-- PROVIDED RECORDS follows --

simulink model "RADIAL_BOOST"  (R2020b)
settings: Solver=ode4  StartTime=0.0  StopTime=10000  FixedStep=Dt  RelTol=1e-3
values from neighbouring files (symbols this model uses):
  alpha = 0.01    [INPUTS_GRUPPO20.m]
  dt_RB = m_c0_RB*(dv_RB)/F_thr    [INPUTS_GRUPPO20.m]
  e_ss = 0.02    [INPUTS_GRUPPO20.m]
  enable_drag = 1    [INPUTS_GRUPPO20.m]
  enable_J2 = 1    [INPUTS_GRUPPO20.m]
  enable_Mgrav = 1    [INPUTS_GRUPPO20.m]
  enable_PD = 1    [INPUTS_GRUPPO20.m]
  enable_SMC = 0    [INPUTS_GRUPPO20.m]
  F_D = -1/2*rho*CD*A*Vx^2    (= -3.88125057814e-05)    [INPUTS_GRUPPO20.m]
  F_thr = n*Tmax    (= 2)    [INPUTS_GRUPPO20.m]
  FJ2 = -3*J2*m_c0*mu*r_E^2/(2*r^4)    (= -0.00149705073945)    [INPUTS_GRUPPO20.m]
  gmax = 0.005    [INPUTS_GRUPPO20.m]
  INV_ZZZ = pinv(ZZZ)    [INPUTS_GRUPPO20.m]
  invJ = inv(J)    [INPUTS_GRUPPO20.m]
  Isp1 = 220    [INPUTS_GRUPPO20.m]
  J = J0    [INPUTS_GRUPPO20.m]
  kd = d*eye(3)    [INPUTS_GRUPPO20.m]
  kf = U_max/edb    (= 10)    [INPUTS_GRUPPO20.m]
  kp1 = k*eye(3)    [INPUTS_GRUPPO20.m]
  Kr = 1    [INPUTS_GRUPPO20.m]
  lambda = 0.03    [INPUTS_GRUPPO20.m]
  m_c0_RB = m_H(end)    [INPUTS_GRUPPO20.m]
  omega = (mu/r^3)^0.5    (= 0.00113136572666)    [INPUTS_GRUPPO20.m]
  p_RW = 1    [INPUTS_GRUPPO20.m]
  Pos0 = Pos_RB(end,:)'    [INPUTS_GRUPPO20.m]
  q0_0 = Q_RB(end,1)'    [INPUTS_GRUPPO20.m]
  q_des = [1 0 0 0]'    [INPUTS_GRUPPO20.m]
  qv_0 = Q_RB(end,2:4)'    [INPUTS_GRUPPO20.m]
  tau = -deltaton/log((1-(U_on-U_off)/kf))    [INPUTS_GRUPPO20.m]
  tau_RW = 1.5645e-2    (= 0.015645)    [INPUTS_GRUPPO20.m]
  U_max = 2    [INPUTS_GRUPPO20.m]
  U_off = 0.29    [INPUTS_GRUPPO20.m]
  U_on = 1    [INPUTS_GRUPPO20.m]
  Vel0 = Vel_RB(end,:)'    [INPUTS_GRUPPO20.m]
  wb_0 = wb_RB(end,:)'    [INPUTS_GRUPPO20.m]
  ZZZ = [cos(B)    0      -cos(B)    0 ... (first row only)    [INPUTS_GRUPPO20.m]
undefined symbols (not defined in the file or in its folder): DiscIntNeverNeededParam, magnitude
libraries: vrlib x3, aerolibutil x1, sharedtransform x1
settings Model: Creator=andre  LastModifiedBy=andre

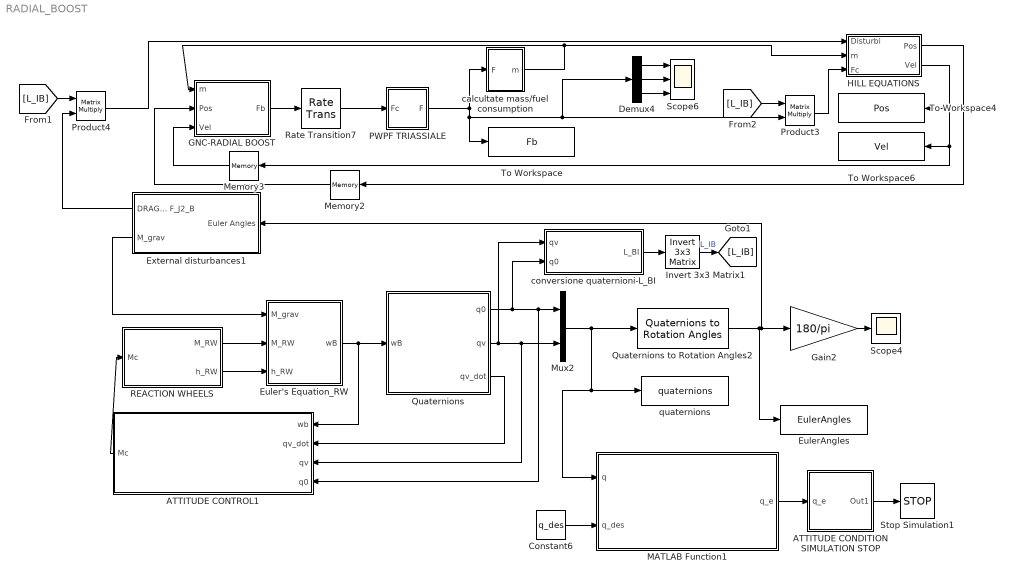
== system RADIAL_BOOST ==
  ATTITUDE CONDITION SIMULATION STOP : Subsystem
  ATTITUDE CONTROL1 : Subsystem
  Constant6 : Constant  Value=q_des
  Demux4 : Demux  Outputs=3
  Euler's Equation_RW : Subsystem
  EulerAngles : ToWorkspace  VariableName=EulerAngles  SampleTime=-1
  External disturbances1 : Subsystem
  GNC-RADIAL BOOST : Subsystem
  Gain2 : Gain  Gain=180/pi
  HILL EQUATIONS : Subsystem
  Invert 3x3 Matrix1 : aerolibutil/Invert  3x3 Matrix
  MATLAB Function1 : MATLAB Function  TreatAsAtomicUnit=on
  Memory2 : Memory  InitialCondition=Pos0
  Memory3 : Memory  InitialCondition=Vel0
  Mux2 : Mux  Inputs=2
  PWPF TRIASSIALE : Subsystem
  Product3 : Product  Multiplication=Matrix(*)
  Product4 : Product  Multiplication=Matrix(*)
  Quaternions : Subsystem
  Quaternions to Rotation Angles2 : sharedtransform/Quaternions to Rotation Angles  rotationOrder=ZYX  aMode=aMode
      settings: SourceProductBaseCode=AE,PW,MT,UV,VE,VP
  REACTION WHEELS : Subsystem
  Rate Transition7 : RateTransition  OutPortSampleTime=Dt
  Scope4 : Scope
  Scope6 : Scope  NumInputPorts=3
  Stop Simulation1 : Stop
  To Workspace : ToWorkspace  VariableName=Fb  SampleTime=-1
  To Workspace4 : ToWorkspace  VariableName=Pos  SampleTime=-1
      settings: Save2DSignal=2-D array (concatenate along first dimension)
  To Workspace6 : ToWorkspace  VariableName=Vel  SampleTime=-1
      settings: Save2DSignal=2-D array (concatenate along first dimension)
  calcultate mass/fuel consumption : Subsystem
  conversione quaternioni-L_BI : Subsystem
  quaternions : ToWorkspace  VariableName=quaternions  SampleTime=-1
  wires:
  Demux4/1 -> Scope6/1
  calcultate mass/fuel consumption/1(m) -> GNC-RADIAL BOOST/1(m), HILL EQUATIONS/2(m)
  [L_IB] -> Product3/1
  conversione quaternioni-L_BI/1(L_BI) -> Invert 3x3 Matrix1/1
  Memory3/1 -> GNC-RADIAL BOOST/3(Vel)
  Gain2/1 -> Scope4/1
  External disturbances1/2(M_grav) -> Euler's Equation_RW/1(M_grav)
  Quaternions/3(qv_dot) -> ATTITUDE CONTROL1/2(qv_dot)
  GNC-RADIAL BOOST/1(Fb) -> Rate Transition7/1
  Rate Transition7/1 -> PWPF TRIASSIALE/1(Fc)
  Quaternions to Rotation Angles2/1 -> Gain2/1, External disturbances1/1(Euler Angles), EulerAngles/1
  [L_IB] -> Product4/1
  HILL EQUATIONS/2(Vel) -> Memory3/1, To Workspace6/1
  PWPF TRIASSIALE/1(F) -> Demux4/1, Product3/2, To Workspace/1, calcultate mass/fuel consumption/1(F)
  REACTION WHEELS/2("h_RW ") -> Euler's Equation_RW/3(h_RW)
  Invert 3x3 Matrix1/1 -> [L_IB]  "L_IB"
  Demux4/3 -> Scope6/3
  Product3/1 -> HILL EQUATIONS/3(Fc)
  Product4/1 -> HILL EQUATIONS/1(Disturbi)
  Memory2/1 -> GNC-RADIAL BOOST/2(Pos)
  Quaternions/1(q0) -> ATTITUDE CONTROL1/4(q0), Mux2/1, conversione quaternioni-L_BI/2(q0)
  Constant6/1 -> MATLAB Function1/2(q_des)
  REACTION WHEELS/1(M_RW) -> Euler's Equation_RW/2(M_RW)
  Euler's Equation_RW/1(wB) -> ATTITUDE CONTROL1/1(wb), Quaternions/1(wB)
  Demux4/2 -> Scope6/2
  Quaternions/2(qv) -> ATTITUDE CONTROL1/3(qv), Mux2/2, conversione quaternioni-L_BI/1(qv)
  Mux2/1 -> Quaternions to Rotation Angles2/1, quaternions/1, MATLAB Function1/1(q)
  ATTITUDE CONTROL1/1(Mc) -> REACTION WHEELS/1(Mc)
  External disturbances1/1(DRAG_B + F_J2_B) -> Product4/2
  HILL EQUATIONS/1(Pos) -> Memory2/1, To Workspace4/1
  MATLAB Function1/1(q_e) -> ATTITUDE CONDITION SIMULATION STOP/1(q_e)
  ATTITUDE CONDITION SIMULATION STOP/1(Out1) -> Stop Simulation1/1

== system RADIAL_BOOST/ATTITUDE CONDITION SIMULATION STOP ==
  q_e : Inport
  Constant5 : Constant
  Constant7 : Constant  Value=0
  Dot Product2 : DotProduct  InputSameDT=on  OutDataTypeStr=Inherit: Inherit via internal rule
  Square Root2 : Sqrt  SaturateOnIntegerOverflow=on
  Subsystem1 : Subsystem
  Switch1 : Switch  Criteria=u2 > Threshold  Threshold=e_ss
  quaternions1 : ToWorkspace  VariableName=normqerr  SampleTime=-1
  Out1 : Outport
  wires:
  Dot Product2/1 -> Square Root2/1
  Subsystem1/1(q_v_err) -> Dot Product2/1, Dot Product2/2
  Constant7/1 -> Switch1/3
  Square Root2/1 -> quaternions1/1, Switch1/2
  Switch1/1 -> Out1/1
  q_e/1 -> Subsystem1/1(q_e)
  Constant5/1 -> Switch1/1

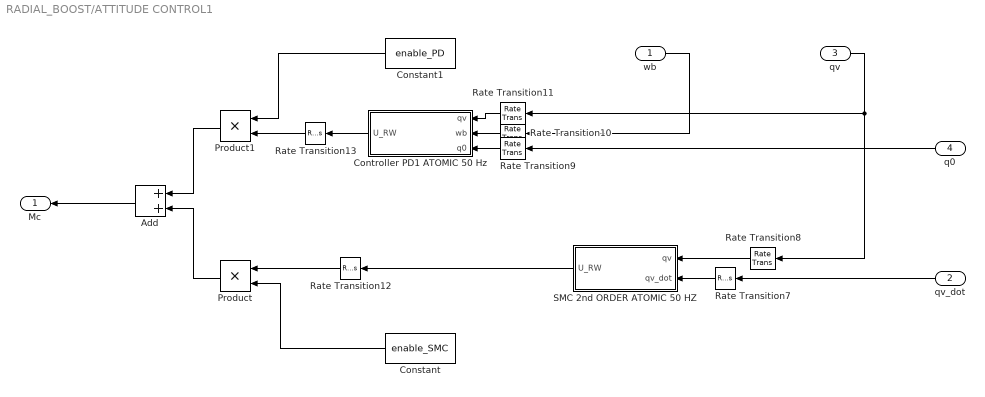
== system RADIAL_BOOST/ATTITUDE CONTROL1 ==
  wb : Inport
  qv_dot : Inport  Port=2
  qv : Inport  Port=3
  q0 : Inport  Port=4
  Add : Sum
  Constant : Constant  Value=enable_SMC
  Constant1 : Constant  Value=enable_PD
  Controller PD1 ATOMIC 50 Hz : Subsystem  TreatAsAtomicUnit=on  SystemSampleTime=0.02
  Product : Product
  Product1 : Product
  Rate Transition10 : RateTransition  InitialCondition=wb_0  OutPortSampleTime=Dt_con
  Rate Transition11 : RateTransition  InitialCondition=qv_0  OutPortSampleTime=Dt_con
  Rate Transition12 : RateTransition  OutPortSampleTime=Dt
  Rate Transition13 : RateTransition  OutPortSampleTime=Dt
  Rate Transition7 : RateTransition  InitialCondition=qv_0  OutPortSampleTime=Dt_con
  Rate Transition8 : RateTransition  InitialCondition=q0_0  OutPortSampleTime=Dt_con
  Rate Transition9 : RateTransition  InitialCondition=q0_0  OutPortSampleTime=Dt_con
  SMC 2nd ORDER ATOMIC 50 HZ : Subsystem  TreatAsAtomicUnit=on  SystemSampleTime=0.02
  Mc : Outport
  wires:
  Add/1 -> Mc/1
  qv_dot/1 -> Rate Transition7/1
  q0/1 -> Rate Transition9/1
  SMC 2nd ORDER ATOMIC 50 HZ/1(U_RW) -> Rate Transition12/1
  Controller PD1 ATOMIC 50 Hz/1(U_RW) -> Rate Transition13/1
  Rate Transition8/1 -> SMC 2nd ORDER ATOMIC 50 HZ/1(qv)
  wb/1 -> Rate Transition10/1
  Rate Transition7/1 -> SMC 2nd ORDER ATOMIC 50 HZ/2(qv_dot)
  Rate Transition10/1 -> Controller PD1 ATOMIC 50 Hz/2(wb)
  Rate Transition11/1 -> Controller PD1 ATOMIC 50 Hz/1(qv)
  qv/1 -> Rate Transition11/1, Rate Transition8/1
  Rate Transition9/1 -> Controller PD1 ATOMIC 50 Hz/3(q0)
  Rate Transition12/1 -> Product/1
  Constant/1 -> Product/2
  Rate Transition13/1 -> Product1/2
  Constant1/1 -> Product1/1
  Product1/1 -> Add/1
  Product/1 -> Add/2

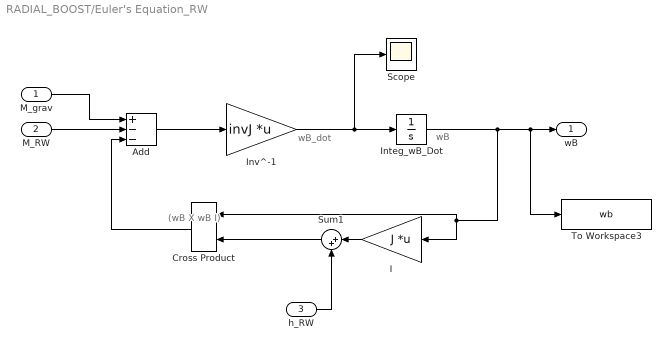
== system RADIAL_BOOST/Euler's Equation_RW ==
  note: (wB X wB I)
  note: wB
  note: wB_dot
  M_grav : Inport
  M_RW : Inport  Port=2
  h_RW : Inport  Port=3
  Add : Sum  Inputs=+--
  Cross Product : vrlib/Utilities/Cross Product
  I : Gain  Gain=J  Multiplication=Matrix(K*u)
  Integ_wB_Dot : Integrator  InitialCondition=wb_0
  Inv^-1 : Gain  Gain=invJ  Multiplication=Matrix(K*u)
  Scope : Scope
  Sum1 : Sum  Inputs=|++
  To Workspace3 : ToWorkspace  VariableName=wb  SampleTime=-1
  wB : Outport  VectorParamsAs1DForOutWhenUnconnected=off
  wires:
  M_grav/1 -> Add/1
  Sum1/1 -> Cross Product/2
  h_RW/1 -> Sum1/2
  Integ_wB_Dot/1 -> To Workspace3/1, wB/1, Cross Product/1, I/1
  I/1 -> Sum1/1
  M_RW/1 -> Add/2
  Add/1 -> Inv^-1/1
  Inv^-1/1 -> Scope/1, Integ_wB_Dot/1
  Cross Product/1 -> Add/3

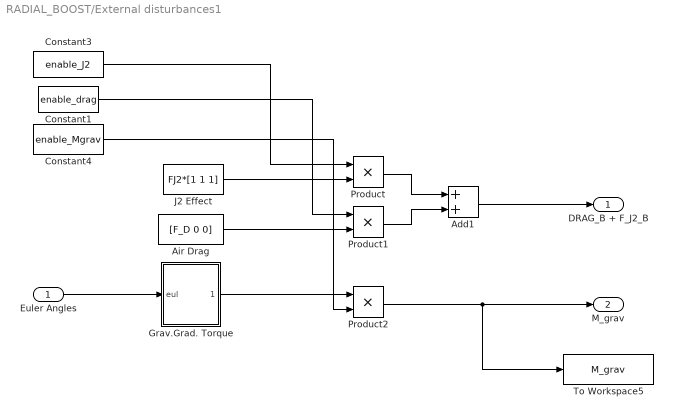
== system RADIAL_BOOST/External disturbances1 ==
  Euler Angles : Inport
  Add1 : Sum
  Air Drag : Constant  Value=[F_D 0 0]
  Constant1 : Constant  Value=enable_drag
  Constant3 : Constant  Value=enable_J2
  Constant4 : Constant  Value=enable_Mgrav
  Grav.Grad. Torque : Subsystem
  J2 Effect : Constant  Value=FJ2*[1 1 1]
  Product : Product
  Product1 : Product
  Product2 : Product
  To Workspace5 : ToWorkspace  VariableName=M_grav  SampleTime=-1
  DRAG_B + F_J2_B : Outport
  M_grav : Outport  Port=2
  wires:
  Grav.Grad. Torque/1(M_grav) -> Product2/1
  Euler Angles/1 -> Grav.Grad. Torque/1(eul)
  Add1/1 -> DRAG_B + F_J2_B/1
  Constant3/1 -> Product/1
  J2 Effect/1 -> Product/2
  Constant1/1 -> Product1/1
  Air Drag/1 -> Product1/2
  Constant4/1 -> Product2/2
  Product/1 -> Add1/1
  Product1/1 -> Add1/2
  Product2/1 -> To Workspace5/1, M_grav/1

-- PROVIDED RECORDS concluded --

Each line from the top of the records above through the line containing "ZZZ = [cos(B)" needs to be transcribed exactly, and no line after it.

§ RESPONSE TO THIS TASK:
simulink model "RADIAL_BOOST"  (R2020b)
settings: Solver=ode4  StartTime=0.0  StopTime=10000  FixedStep=Dt  RelTol=1e-3
values from neighbouring files (symbols this model uses):
  alpha = 0.01    [INPUTS_GRUPPO20.m]
  dt_RB = m_c0_RB*(dv_RB)/F_thr    [INPUTS_GRUPPO20.m]
  e_ss = 0.02    [INPUTS_GRUPPO20.m]
  enable_drag = 1    [INPUTS_GRUPPO20.m]
  enable_J2 = 1    [INPUTS_GRUPPO20.m]
  enable_Mgrav = 1    [INPUTS_GRUPPO20.m]
  enable_PD = 1    [INPUTS_GRUPPO20.m]
  enable_SMC = 0    [INPUTS_GRUPPO20.m]
  F_D = -1/2*rho*CD*A*Vx^2    (= -3.88125057814e-05)    [INPUTS_GRUPPO20.m]
  F_thr = n*Tmax    (= 2)    [INPUTS_GRUPPO20.m]
  FJ2 = -3*J2*m_c0*mu*r_E^2/(2*r^4)    (= -0.00149705073945)    [INPUTS_GRUPPO20.m]
  gmax = 0.005    [INPUTS_GRUPPO20.m]
  INV_ZZZ = pinv(ZZZ)    [INPUTS_GRUPPO20.m]
  invJ = inv(J)    [INPUTS_GRUPPO20.m]
  Isp1 = 220    [INPUTS_GRUPPO20.m]
  J = J0    [INPUTS_GRUPPO20.m]
  kd = d*eye(3)    [INPUTS_GRUPPO20.m]
  kf = U_max/edb    (= 10)    [INPUTS_GRUPPO20.m]
  kp1 = k*eye(3)    [INPUTS_GRUPPO20.m]
  Kr = 1    [INPUTS_GRUPPO20.m]
  lambda = 0.03    [INPUTS_GRUPPO20.m]
  m_c0_RB = m_H(end)    [INPUTS_GRUPPO20.m]
  omega = (mu/r^3)^0.5    (= 0.00113136572666)    [INPUTS_GRUPPO20.m]
  p_RW = 1    [INPUTS_GRUPPO20.m]
  Pos0 = Pos_RB(end,:)'    [INPUTS_GRUPPO20.m]
  q0_0 = Q_RB(end,1)'    [INPUTS_GRUPPO20.m]
  q_des = [1 0 0 0]'    [INPUTS_GRUPPO20.m]
  qv_0 = Q_RB(end,2:4)'    [INPUTS_GRUPPO20.m]
  tau = -deltaton/log((1-(U_on-U_off)/kf))    [INPUTS_GRUPPO20.m]
  tau_RW = 1.5645e-2    (= 0.015645)    [INPUTS_GRUPPO20.m]
  U_max = 2    [INPUTS_GRUPPO20.m]
  U_off = 0.29    [INPUTS_GRUPPO20.m]
  U_on = 1    [INPUTS_GRUPPO20.m]
  Vel0 = Vel_RB(end,:)'    [INPUTS_GRUPPO20.m]
  wb_0 = wb_RB(end,:)'    [INPUTS_GRUPPO20.m]
  ZZZ = [cos(B)    0      -cos(B)    0 ... (first row only)    [INPUTS_GRUPPO20.m]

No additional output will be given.